A senior US State Department official apologized on Sunday night for saying that the US has acted with "arrogance" and "stupidity" in its campaign in Iraq.
The apology from Alberto Fernandez, director of the office of press and public diplomacy in the Bureau of Near Eastern Affairs in Washington, involved a comment that he had made during an interview conducted in Arabic and broadcast on Saturday on al-Jazeera, the Arab TV network.
In the 35-minute interview, Fernandez, who speaks Arabic fluently, said, "History will decide what role the United States played."
According to a translation by CNN, he said that while the US had tried its best, its role might be criticized by future historians "because undoubtedly there was arrogance and stupidity from the United States in Iraq."
After news of the remarks spread on Sunday, US officials said they did not reflect the administration's views.
"I can only assume his remarks must have been mistranslated," said a senior administration official, who was not authorized to speak for attribution. "Those comments obviously don't reflect our position."

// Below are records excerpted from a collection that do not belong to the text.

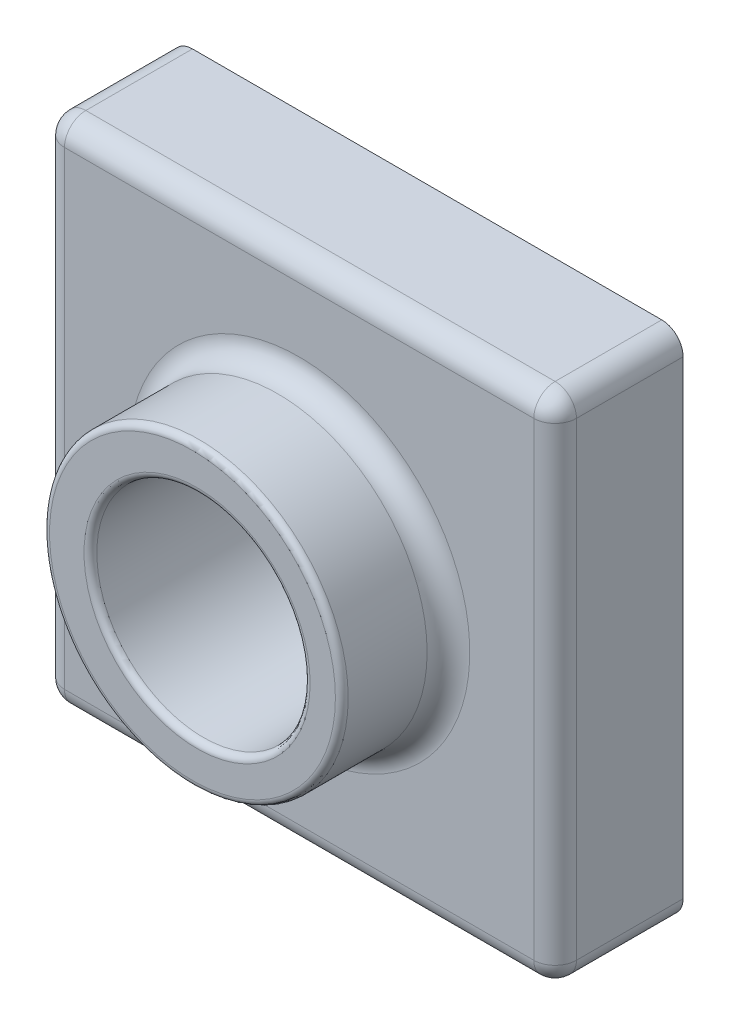
from build123d import *

# Parameters (mm, degrees)
SKETCH1_W           = 120
SKETCH1_H           = 120
BOSS_EXTRUDE1_DEPTH = 30
SKETCH2_R           = 35
BOSS_EXTRUDE2_DEPTH = 25
SKETCH5_R           = 25
CUT_EXTRUDE1_DEPTH  = 179.395627749
FILLET1_R           = 5
FILLET2_R           = 1.5
SHELL1_T            = -2


with BuildPart() as part:
    # Sketch1 → Boss-Extrude1 (new body)
    with BuildSketch(Plane.XY):
        with Locations((60, 60)):
            Rectangle(SKETCH1_W, SKETCH1_H)
    extrude(amount=BOSS_EXTRUDE1_DEPTH)

    # Sketch2 → Boss-Extrude2 (add)
    with BuildSketch(Plane.XY.offset(30)):
        with Locations((60, 60)):
            Circle(SKETCH2_R)
    extrude(amount=BOSS_EXTRUDE2_DEPTH)

    # Sketch5 → Cut-Extrude1 (cut, through all)
    with BuildSketch(Plane.XY.offset(55)):
        with Locations((61.077689107, 60)):
            Circle(SKETCH5_R)
    extrude(amount=-CUT_EXTRUDE1_DEPTH, mode=Mode.SUBTRACT)

    # Fillet1
    fillet1_edges = [part.edges().sort_by_distance(p)[0] for p in [
        (0, 60, 30),
        (60, 0, 30),
        (25, 60, 30),
        (120, 60, 30),
        (120, 0, 15),
        (0, 0, 15),
        (0, 120, 15),
        (120, 120, 15),
        (60, 120, 30),
    ]]
    fillet(fillet1_edges, radius=FILLET1_R)

    # Fillet2
    fillet2_edges = [part.edges().sort_by_distance(p)[0] for p in [
        (25, 60, 55),
        (36.077689107, 60, 55),
    ]]
    fillet(fillet2_edges, radius=FILLET2_R)

    # Shell1
    shell1_openings = [part.faces().sort_by_distance(p)[0] for p in [
        (60, 1.697056275, 0),
    ]]
    offset(amount=SHELL1_T, openings=shell1_openings, kind=Kind.INTERSECTION)


solid = part.part
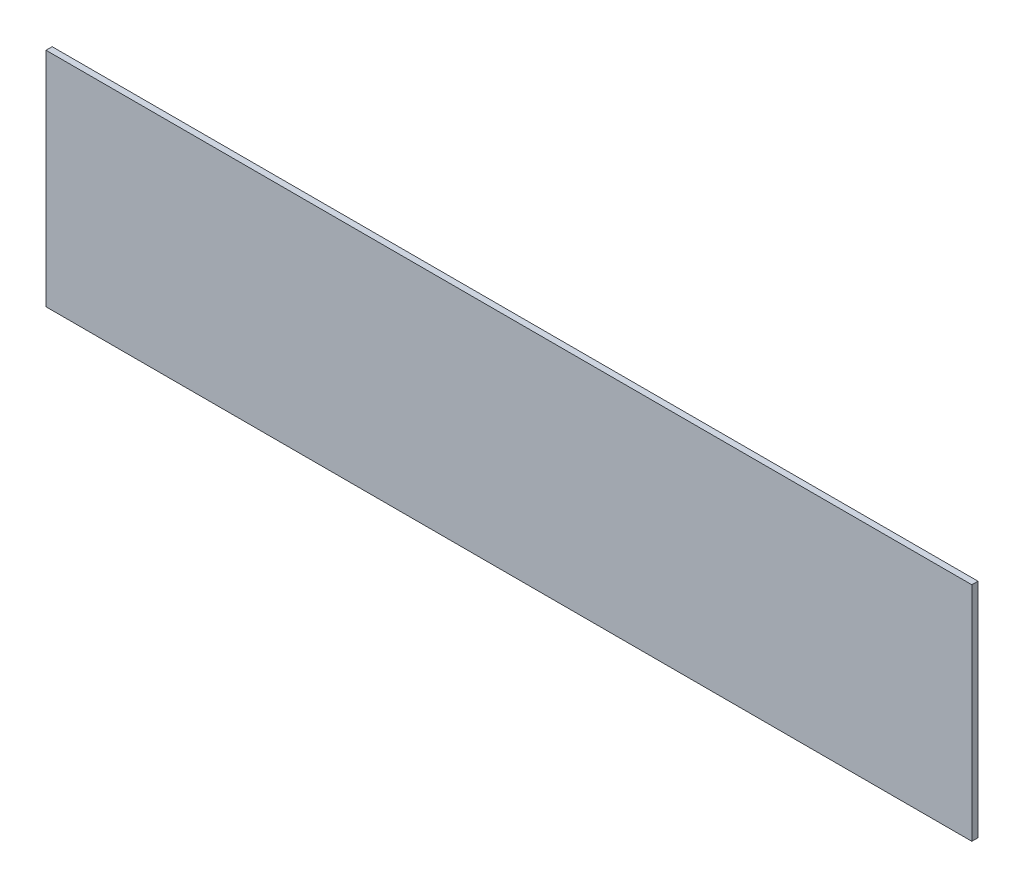
from build123d import *

# Parameters (mm, degrees)
SKETCH1_W           = 476.25
SKETCH1_H           = 114.3
BOSS_EXTRUDE1_DEPTH = 3.175


with BuildPart() as part:
    # Sketch1 → Boss-Extrude1 (new body)
    with BuildSketch(Plane.XY):
        with Locations((147.763757086, -3.810372829)):
            Rectangle(SKETCH1_W, SKETCH1_H)
    extrude(amount=BOSS_EXTRUDE1_DEPTH)


solid = part.part
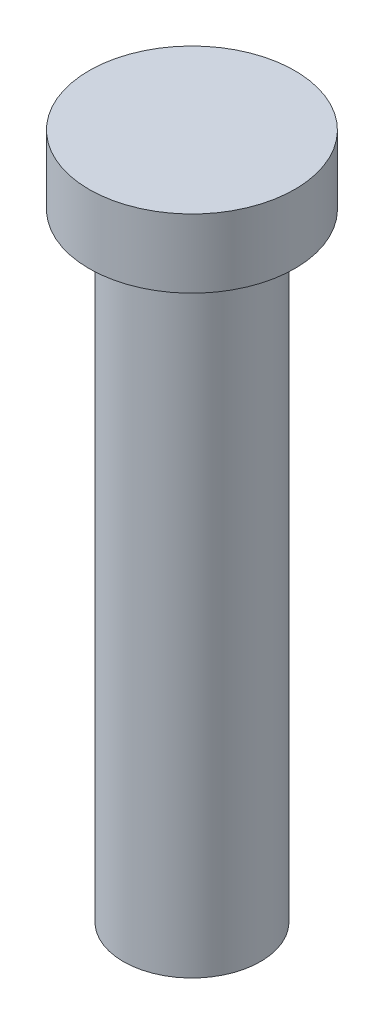
from build123d import *

# Parameters (mm, degrees)
SKETCH1_R           = 1
BOSS_EXTRUDE1_DEPTH = 9
SKETCH2_R           = 1.5
BOSS_EXTRUDE2_DEPTH = 1


with BuildPart() as part:
    # Sketch1 → Boss-Extrude1 (new body)
    with BuildSketch(Plane(origin=(0, 0, 0), x_dir=(1, 0, 0), z_dir=(0, 1, 0))):
        with Locations(Location((0, 0, 0), (0, 0, 270))):
            Circle(SKETCH1_R)
    extrude(amount=BOSS_EXTRUDE1_DEPTH)

    # Sketch2 → Boss-Extrude2 (add)
    with BuildSketch(Plane(origin=(0, 9, 0), x_dir=(1, 0, 0), z_dir=(0, 1, 0))):
        with Locations(Location((0, 0, 0), (0, 0, 270))):
            Circle(SKETCH2_R)
    extrude(amount=BOSS_EXTRUDE2_DEPTH)


solid = part.part

In a statement released on Sunday night by the State Department, Fernandez said: "Upon reading the transcript of my appearance on al-Jazeera, I realized that I seriously misspoke by using the phrase `There has been arrogance and stupidity by the US in Iraq.' This represents neither my views, or those of the State Department. I apologize."
Fernandez has a reputation for outspokenness that predates his comments to al-Jazeera. He is responsible for getting top State Department officials into the Arab news media, however, his own popularity in the Arab news media has been bolstered by his command of Arabic and his willingness to speak passionately about issues.
Fernandez's interview may open him to criticism from supporters of the Bush administration's policies in Iraq. But some Iraqi lawmakers welcomed the remarks.
Mahmoud Othman, a Kurdish lawmaker, said more US officials should be willing to be self-critical about missteps in Iraq.
"I have been expecting American officials, someday, last year, this year, to say something about this, that this policy has not worked," Othman said. "It has been a failure. They should admit it before it is too late."